**Aim of the task:**
In the records below, find the line with "# Drawn here: x" and the line with "layer by layer"; return exactly those lines and every line between them.
[Extracted entries]
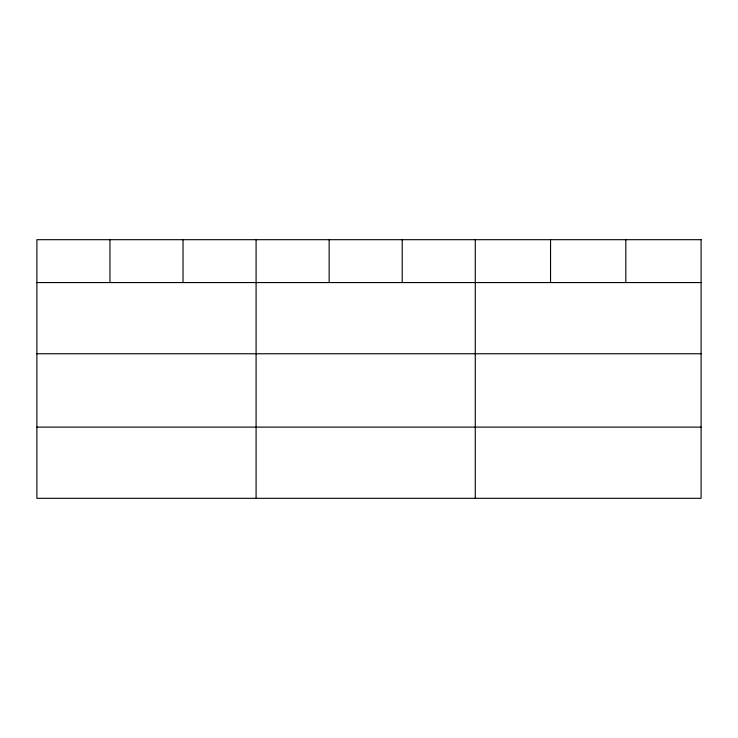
<?xml version="1.0" encoding="UTF-8"?>
<svg xmlns="http://www.w3.org/2000/svg" width="738" height="738" viewBox="0 0 738 738"><rect width="100%" height="100%" fill="white"/><g stroke="black" fill="none" stroke-linecap="round" stroke-linejoin="round"><path stroke-width="1.11" d="M36.9 282.562L701.1 282.562M36.9 353.76L701.1 353.76M36.9 427.118L701.1 427.118M625.824 239.684L625.824 282.562M550.548 239.684L550.548 282.562M475.272 239.684L475.272 498.316M402.21 239.684L402.21 282.562M329.148 239.684L329.148 282.562M256.086 239.684L256.086 498.316M183.024 239.684L183.024 282.562M109.962 239.684L109.962 282.562M701.1 239.684L36.9 239.684L36.9 498.316L701.1 498.316L701.1 239.684"/></g></svg>
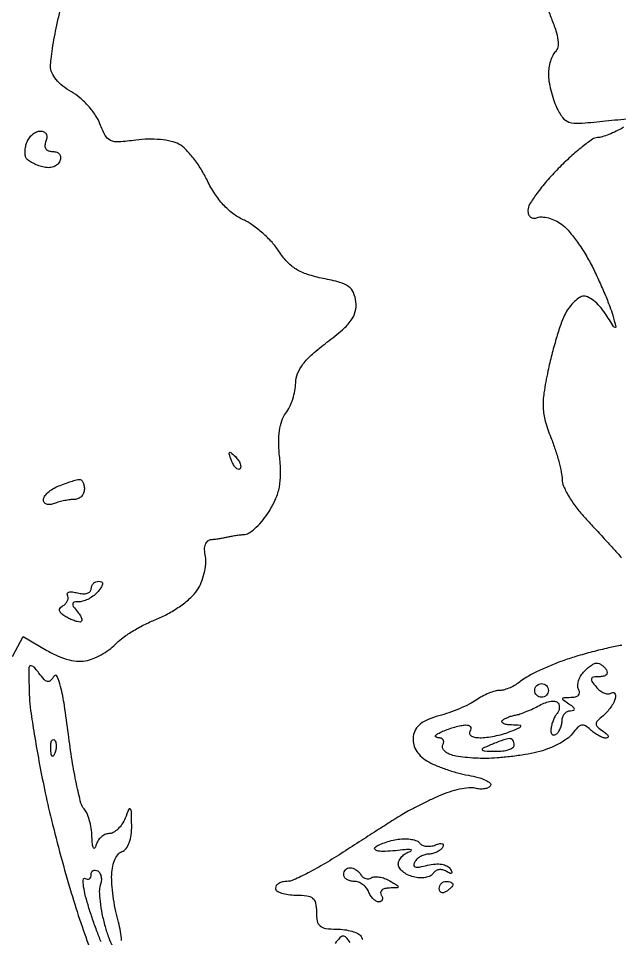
# Model space of a CAD drawing. Extents: x 0 to 102, y 0 to 135.
# Drawn here: x 51.55 to 59, y 95.99 to 107.4 of the extents above; entities that cross this region are included whole.
import ezdxf

# ---------------------------------------------------------------- set-up
doc = ezdxf.new("R2010")
doc.units = 0
doc.header["$MEASUREMENT"] = 0

msp = doc.modelspace()

# ---------------------------------------------------------------- linework, layer by layer
for points in [[(58.107015, 107.548271, 0.035519), (58.156996, 107.399824, -0.020224), (58.213112, 107.248603, -0.048775), (58.238826, 107.132209, -0.071553), (58.23684, 107.045543, -0.156157), (58.206742, 106.987102, 0.083641), (58.173514, 106.940411, 0.037252), (58.145622, 106.869993, 0.035529), (58.126584, 106.789283, 0.040175), (58.1202, 106.709961, 0.040136), (58.127343, 106.621114, 0.019931), (58.149846, 106.510283, 0.019643), (58.182469, 106.396601, 0.027205), (58.221123, 106.297858, 0.052288), (58.295431, 106.171618, 0.161617), (58.375277, 106.115354, 0.089651), (58.50137, 106.100845, 0.009891), (58.792173, 106.125343, -0.002486), (59.094668, 106.155344, -0.094833)], [(51.478095, 99.487657), (51.607068, 99.737063), (51.903603, 99.562104, 0.030297), (52.044588, 99.49005, 0.043378), (52.177558, 99.445217, 0.049835), (52.299724, 99.428138, 0.071426), (52.408327, 99.439396, 0.045038), (52.498998, 99.471054, 0.027529), (52.599539, 99.523522, 0.027469), (52.694177, 99.587018, 0.043234), (52.766909, 99.652407, -0.050905), (52.848957, 99.723932, -0.018967), (52.977263, 99.807505, -0.018563), (53.125061, 99.888686, -0.021359), (53.27182, 99.954656, 0.033307), (53.417817, 100.024519, 0.027487), (53.563327, 100.117351, 0.02834), (53.687687, 100.217813, 0.063734), (53.766346, 100.309822, 0.048314), (53.817094, 100.406476, 0.036976), (53.853873, 100.520111, 0.037942), (53.872425, 100.632745, 0.069181), (53.867707, 100.725648, -0.040749), (53.858277, 100.813088, -0.093092), (53.868783, 100.878328, -0.137608), (53.898284, 100.919755, -0.147791), (53.944232, 100.938375, 0.009589), (53.994508, 100.943966, 0.006894), (54.050421, 100.952056, 0.006965), (54.103431, 100.961234, 0.014908), (54.144, 100.9701, -0.017014), (54.185395, 100.978964, -0.007225), (54.241391, 100.988144, -0.007138), (54.301489, 100.99623, -0.009286), (54.356743, 101.001825, 0.134233), (54.417564, 101.023972, 0.035703), (54.498055, 101.09006, 0.033543), (54.582222, 101.181336, 0.029084), (54.657857, 101.28735, 0.037151), (54.739512, 101.44145, 0.054959), (54.785135, 101.587284, 0.050067), (54.800308, 101.749367, 0.025117), (54.788592, 101.954926, -0.022434), (54.777192, 102.137682, -0.039113), (54.786404, 102.289142, -0.048088), (54.815672, 102.411363, -0.079448), (54.865488, 102.504826, 0.052591), (54.911345, 102.580778, 0.030851), (54.950414, 102.679623, 0.030573), (54.977589, 102.784469, 0.045049), (54.987309, 102.879027, -0.093332), (55.01089, 102.996238, -0.067465), (55.077195, 103.112209, -0.048606), (55.193951, 103.237227, -0.019849), (55.374526, 103.384066, 0.01685), (55.568301, 103.53972, 0.05982), (55.675669, 103.657101, 0.093586), (55.726112, 103.765725, 0.09132), (55.734076, 103.88624, 0.073223), (55.703362, 104.000619, 0.136804), (55.643498, 104.074581, 0.087744), (55.534117, 104.126529, 0.018717), (55.3284, 104.174897, -0.029258), (55.134779, 104.224748, -0.060364), (54.992953, 104.289977, -0.067202), (54.880509, 104.382001, -0.045141), (54.7785, 104.513297, 0.042244), (54.693831, 104.623586, 0.027084), (54.578721, 104.736885, 0.027174), (54.45298, 104.836294, 0.045015), (54.336, 104.904, -0.054899), (54.208389, 104.981257, -0.043634), (54.089513, 105.090083, -0.04052), (53.983213, 105.226683, -0.033931), (53.89314, 105.386783, 0.027771), (53.814757, 105.530209, 0.026238), (53.719583, 105.666921, 0.027197), (53.622453, 105.778791, 0.077662), (53.540413, 105.840694, 0.069525), (53.44426, 105.876073, 0.030146), (53.309281, 105.896952, 0.028457), (53.157194, 105.902475, 0.028912), (53.006277, 105.890617, -0.016875), (52.793335, 105.868721, -0.124022), (52.693439, 105.886698, -0.162745), (52.62732, 105.947987, -0.034941), (52.561139, 106.091995, 0.058048), (52.506192, 106.198346, 0.033893), (52.418037, 106.311788, 0.033472), (52.312957, 106.414809, 0.047822), (52.20622, 106.489889, -0.039514), (52.099819, 106.562125, -0.053534), (52.017477, 106.643972, -0.062906), (51.965176, 106.728178, -0.112664), (51.948619, 106.8075, -0.025171), (51.954661, 106.894998, -0.007702), (51.972467, 107.026402, -0.007688), (51.996968, 107.173131, -0.008339), (52.025379, 107.3151, -0.007122), (52.06431, 107.482553, -0.002723)], [(59.0508, 106.049764, -0.019484), (58.961706, 106.001862, -0.019331), (58.868923, 105.960907, -0.019603), (58.785176, 105.931487, -0.067991), (58.728645, 105.922198, 0.146331), (58.666182, 105.901659, 0.01505), (58.540105, 105.808106, 0.01774), (58.394198, 105.68422, 0.013275), (58.242195, 105.538009, 0.016406), (58.098296, 105.382131, 0.020952), (57.97679, 105.229001, 0.019409), (57.887349, 105.095432, 0.138687), (57.8664, 105.021358, 0.079968), (57.87468, 104.969916, 0.149615), (57.898826, 104.935822, 0.161092), (57.936461, 104.922589, 0.096568), (57.983588, 104.930867, -0.112158), (58.041347, 104.939184, -0.046709), (58.119365, 104.925494, -0.043106), (58.20353, 104.894464, -0.042935), (58.281247, 104.849429, -0.062806), (58.36408, 104.77433, -0.020166), (58.467156, 104.64384, -0.01976), (58.571265, 104.487919, -0.020885), (58.660703, 104.327061, -0.008583), (58.741119, 104.159951, -0.007867), (58.818202, 103.985285, -0.00789), (58.882075, 103.827252, -0.025438), (58.917446, 103.7196, -0.002859), (58.955669, 103.576421, -0.568519), (58.947123, 103.567761, -0.189238), (58.928652, 103.580834, -0.001356), (58.822888, 103.742925, 0.039036), (58.755435, 103.831023, 0.046979), (58.678822, 103.901743, 0.053684), (58.604731, 103.946586, 0.158113), (58.546343, 103.953827, 0.110792), (58.491434, 103.9299, 0.042752), (58.428443, 103.874978, 0.039674), (58.367899, 103.801466, 0.039156), (58.319428, 103.719001, 0.031621), (58.273086, 103.606228, 0.009478), (58.216807, 103.429143, 0.009461), (58.161044, 103.227529, 0.010121), (58.114279, 103.028409, 0.01511), (58.064691, 102.756237, 0.048519), (58.054935, 102.572456, 0.057029), (58.08133, 102.406643, 0.027211), (58.15061, 102.201847, -0.014998), (58.203737, 102.056582, -0.014561), (58.24863, 101.906964, -0.014629), (58.280383, 101.773239, -0.051012), (58.2894, 101.685084, 0.104541), (58.307377, 101.600044, 0.028783), (58.370167, 101.47771, 0.027757), (58.459116, 101.344069, 0.025827), (58.56435, 101.217699, -0.000833), (58.683265, 101.088602, -0.000631), (58.813319, 100.946581, -0.000638), (58.935057, 100.812962, -0.001487), (59.025805, 100.712503, 0.044297)], [(59.031525, 99.62479, 0.016527), (58.865715, 99.593347, 0.009013), (58.664438, 99.544415, 0.008972), (58.461432, 99.487257, 0.014082), (58.2894, 99.430141, 0.013223), (58.133856, 99.368884, 0.013106), (57.981297, 99.29932, 0.013066), (57.851177, 99.231551, 0.048537), (57.775139, 99.179163, -0.039337), (57.714999, 99.136079, -0.032248), (57.644807, 99.099665, -0.033366), (57.575529, 99.074583, -0.07028), (57.519013, 99.0666, 0.069915), (57.460038, 99.058313, 0.027193), (57.382023, 99.031278, 0.026276), (57.299503, 98.99238, 0.029503), (57.224776, 98.946356, -0.036697), (57.138488, 98.894908, -0.016254), (57.017962, 98.839371, -0.015986), (56.885906, 98.788559, -0.020755), (56.761802, 98.751006, 0.034782), (56.628584, 98.706582, 0.071435), (56.534112, 98.650716, 0.091414), (56.474055, 98.5811, 0.096354), (56.444167, 98.495896, 0.083959), (56.446048, 98.41142, 0.080131), (56.475462, 98.330764, 0.072559), (56.532005, 98.257075, 0.052761), (56.613367, 98.193142, 0.038976), (56.710855, 98.142056, 0.017663), (56.845345, 98.089979, 0.017365), (56.991816, 98.044767, 0.022753), (57.128501, 98.014321, -0.023093), (57.247905, 97.987639, -0.042812), (57.341078, 97.953459, -0.062265), (57.398059, 97.917612, -0.375964), (57.403367, 97.885868, -0.146006), (57.375403, 97.86098, -0.0663), (57.328228, 97.846134, -0.057404), (57.270416, 97.842789, -0.049765), (57.210395, 97.852249, 0.088531), (57.133509, 97.85835, 0.027696), (57.018803, 97.840685, 0.026706), (56.890468, 97.806328, 0.026586), (56.766329, 97.758445, 0.0065), (56.640668, 97.70016, 0.005305), (56.507697, 97.634626, 0.005363), (56.386588, 97.571691, 0.013982), (56.3013, 97.523093, 0.004976), (56.203654, 97.462438, 0.000841), (56.018447, 97.344384, 0.000919), (55.80131, 97.204899, 0.000817), (55.575997, 97.059055, -0.01075), (55.352667, 96.920711, -0.013872), (55.141581, 96.803919, -0.011638), (54.961908, 96.71616, -0.108188), (54.878047, 96.6978, 0.057718), (54.823794, 96.691516, 0.076943), (54.777867, 96.672949, 0.095809), (54.747091, 96.645472, 0.164188), (54.7362, 96.6132, 0.254951), (54.753929, 96.580691, 0.06271), (54.810754, 96.553451, 0.048861), (54.892773, 96.534756, 0.031626), (54.99, 96.5286, -0.030103), (55.12651, 96.520374, -0.144586), (55.19727, 96.489825, -0.173074), (55.233092, 96.429147, -0.047675), (55.2438, 96.3171, 0.047364), (55.254394, 96.205517, 0.170873), (55.289831, 96.144729, 0.145685), (55.359579, 96.113982, 0.031475), (55.492607, 96.1056, -0.033433), (55.591937, 96.098951, -0.038601), (55.684708, 96.079095, -0.042192), (55.758883, 96.050125, -0.14106), (55.797179, 96.015371, -0.067766), (55.81435, 95.976738, -0.070172)], [(52.827752, 95.965736, 0.034375), (52.816412, 96.075969, 0.027023), (52.789582, 96.193053, -0.019697), (52.757475, 96.324303, -0.012911), (52.730411, 96.477642, -0.012995), (52.711766, 96.628594, -0.02423), (52.7058, 96.75164, -0.039345), (52.714558, 96.862768, -0.056435), (52.740888, 96.957886, -0.068812), (52.781406, 97.028619, -0.137552), (52.8327, 97.066794, 0.137975), (52.885078, 97.105842, 0.07499), (52.9243, 97.176584, 0.058641), (52.948109, 97.274127, 0.035407), (52.954238, 97.393095, 0.003344), (52.949745, 97.56584, 0.182202), (52.937442, 97.595504, 0.537151), (52.919671, 97.592478, 0.008529), (52.872364, 97.48035, -0.051787), (52.833934, 97.407545, -0.055256), (52.782072, 97.345915, -0.061896), (52.725282, 97.303878, -0.129104), (52.672429, 97.29, 0.109792), (52.62236, 97.278871, 0.075814), (52.573897, 97.24651, 0.070823), (52.534357, 97.198534, 0.073199), (52.510317, 97.14195, -0.103965), (52.494889, 97.111029, -0.564704), (52.480091, 97.112923, -0.080621), (52.467879, 97.159872, -0.01389), (52.461814, 97.25193, 0.029737), (52.451518, 97.357219, 0.029999), (52.428818, 97.460229, 0.031444), (52.398112, 97.5471, 0.095987), (52.363268, 97.598692, -0.137318), (52.323761, 97.668914, -0.008281), (52.269725, 97.90722, -0.011894), (52.216148, 98.197312, -0.008478), (52.169424, 98.5244, 0.007029), (52.119727, 98.879647, 0.022401), (52.072647, 99.114498, 0.043937), (52.029284, 99.240908, 0.602745), (51.991442, 99.243472, -0.058356), (51.948643, 99.189468, -0.251244), (51.910688, 99.178069, -0.162572), (51.868182, 99.202568, -0.023565), (51.804586, 99.281453, 0.026315), (51.760141, 99.335969, 0.069497), (51.721566, 99.368159, 0.189393), (51.695955, 99.372881, 0.329032), (51.682029, 99.35772, 0.025797), (51.679388, 99.310332, 0.003821), (51.67973, 99.214509, 0.004298), (51.681974, 99.101203, 0.003686), (51.68624, 98.982, 0.024678), (51.70159, 98.816509, 0.00502), (51.746153, 98.525349, 0.00528), (51.804995, 98.187568, 0.004928), (51.872247, 97.843242, 0.009867), (51.958617, 97.461453, 0.005791), (52.076223, 97.008052, 0.00579), (52.204374, 96.557228, 0.009815), (52.323381, 96.183348, 0.006838), (52.446433, 95.837102, 0.005697)], [(52.575412, 95.948203, -0.007945), (52.519837, 96.089536, -0.007913), (52.462749, 96.249426, -0.008695), (52.412604, 96.406115, -0.014239), (52.374472, 96.547263, -0.030934), (52.355095, 96.657803, -0.055402), (52.355029, 96.724861, -0.551074), (52.375726, 96.734955, 0.101702), (52.4048, 96.724313, 0.178001), (52.429594, 96.729446, 0.167093), (52.446212, 96.749862, 0.088247), (52.452, 96.7824, -0.095386), (52.458208, 96.814646, -0.173393), (52.475766, 96.834513, -0.172261), (52.502036, 96.838819, -0.093996), (52.532905, 96.826984, -0.129626), (52.560136, 96.798299, -0.080717), (52.575715, 96.754328, -0.071493), (52.577628, 96.702195, -0.065178), (52.56503, 96.649863, 0.0995), (52.552688, 96.577116, 0.020906), (52.56203, 96.447755, 0.02114), (52.585914, 96.296065, 0.018639), (52.623316, 96.140343, 0.021011), (52.669484, 95.998661, 0.041094), (52.719932, 95.891272, 0.064018)], [(55.660592, 95.93885, 0.035271), (55.61157, 96.003213, 0.229395), (55.575088, 96.018567, 0.192445), (55.536152, 96.000576, 0.024472), (55.474842, 95.929069, -0.038927)]]:
    msp.add_lwpolyline(points, format="xyb")
for points in [[(51.823896, 106.0038, -0.110721), (51.866071, 105.994345, -0.163185), (51.893231, 105.968291, -0.139599), (51.901698, 105.927625, -0.073701), (51.890394, 105.8769, 0.077108), (51.878928, 105.823758, 0.163069), (51.889825, 105.783559, 0.166396), (51.922506, 105.758558, 0.08099), (51.974994, 105.75, -0.082571), (52.025339, 105.741629, -0.150528), (52.058746, 105.717356, -0.159047), (52.071605, 105.679589, -0.095069), (52.063181, 105.632449, -0.120025), (52.033174, 105.589085, -0.096896), (51.98426, 105.560202, -0.084314), (51.921774, 105.54935, -0.064969), (51.853018, 105.558061, -0.028686), (51.786809, 105.579498, -0.029766), (51.724329, 105.608153, -0.031176), (51.67364, 105.63936, -0.101102), (51.646707, 105.667977, -0.109212), (51.634464, 105.703032, -0.042506), (51.632735, 105.754642, -0.039505), (51.640372, 105.812856, -0.03927), (51.657077, 105.869266, -0.0687), (51.685416, 105.9207, -0.062919), (51.727376, 105.96428, -0.066727), (51.776002, 105.993788, -0.103406)], [(54.239098, 101.96556, -0.043285), (54.275865, 101.92214, -0.063152), (54.299429, 101.877958, -0.082976), (54.3071, 101.83977, -0.20742), (54.296861, 101.813861, -0.278911), (54.274173, 101.808275, -0.120343), (54.246446, 101.824976, -0.070189), (54.217287, 101.863414, -0.036269), (54.191739, 101.918201, -0.008399), (54.162461, 101.999156, -0.286372), (54.16687, 102.018194, -0.400052), (54.183216, 102.018591, -0.011214)], [(52.30395, 101.683838, -0.199245), (52.328148, 101.676112, -0.097127), (52.348762, 101.650348, -0.072143), (52.362735, 101.61048, -0.048304), (52.3674, 101.5623, -0.093456), (52.358266, 101.513859, -0.096457), (52.332156, 101.472677, -0.099144), (52.293199, 101.445113, -0.104916), (52.247419, 101.4354, 0.032815), (52.191863, 101.43175, 0.017107), (52.123373, 101.420316, 0.016939), (52.053609, 101.403722, 0.024761), (51.993619, 101.384049, -0.062999), (51.942332, 101.371467, -0.110273), (51.899048, 101.376025, -0.151921), (51.870626, 101.396578, -0.162188), (51.8598, 101.429075, -0.154462), (51.873219, 101.471478, -0.055163), (51.915715, 101.519617, -0.04824), (51.977312, 101.56557, -0.040613), (52.05015, 101.601964, -0.00826), (52.127679, 101.631649, -0.009274), (52.203223, 101.657575, -0.008655), (52.26819, 101.677298, -0.048317)], [(52.546959, 100.4202, -0.122183), (52.581622, 100.411601, -0.300026), (52.593669, 100.389629, -0.128583), (52.580398, 100.351777, -0.024942), (52.5366, 100.2933, -0.052047), (52.486929, 100.244742, -0.042511), (52.424943, 100.203677, -0.04415), (52.360638, 100.175584, -0.081088), (52.304382, 100.1664, 0.041804), (52.242345, 100.161204, 0.319009), (52.222768, 100.141653, 0.198558), (52.230479, 100.107736, 0.019291), (52.2828, 100.0395, -0.032426), (52.318139, 99.990816, -0.079486), (52.335499, 99.950257, -0.181978), (52.332583, 99.924837, -0.285958), (52.314309, 99.913895, -0.065793), (52.278099, 99.919329, -0.023428), (52.228464, 99.936175, -0.022774), (52.175081, 99.959987, -0.024921), (52.125718, 99.98792, -0.043884), (52.077463, 100.024794, -0.171994), (52.060091, 100.057368, -0.220943), (52.069165, 100.088268, -0.074313), (52.105948, 100.119371, 0.07295), (52.138963, 100.147134, 0.087612), (52.160185, 100.181659, 0.100524), (52.166543, 100.217407, 0.133079), (52.157163, 100.248956, -0.267951), (52.15649, 100.271406, -0.220586), (52.175969, 100.285998, -0.085212), (52.220533, 100.287724, -0.031131), (52.282683, 100.275543, 0.049732), (52.348276, 100.2652, 0.086512), (52.402855, 100.271537, 0.126766), (52.438561, 100.292958, 0.197055), (52.452, 100.325733, -0.09957), (52.459251, 100.361784, -0.098068), (52.479894, 100.39245, -0.097819), (52.510718, 100.41299, -0.098509)], [(58.717766, 99.405, -0.100231), (58.748094, 99.398859, -0.052176), (58.782032, 99.380149, -0.04891), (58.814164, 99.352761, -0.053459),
[/Extracted entries]
**Answer box:**
# Drawn here: x 51.55 to 59, y 95.99 to 107.4 of the extents above; entities that cross this region are included whole.
import ezdxf

# ---------------------------------------------------------------- set-up
doc = ezdxf.new("R2010")
doc.units = 0
doc.header["$MEASUREMENT"] = 0

msp = doc.modelspace()

# ---------------------------------------------------------------- linework, layer by layer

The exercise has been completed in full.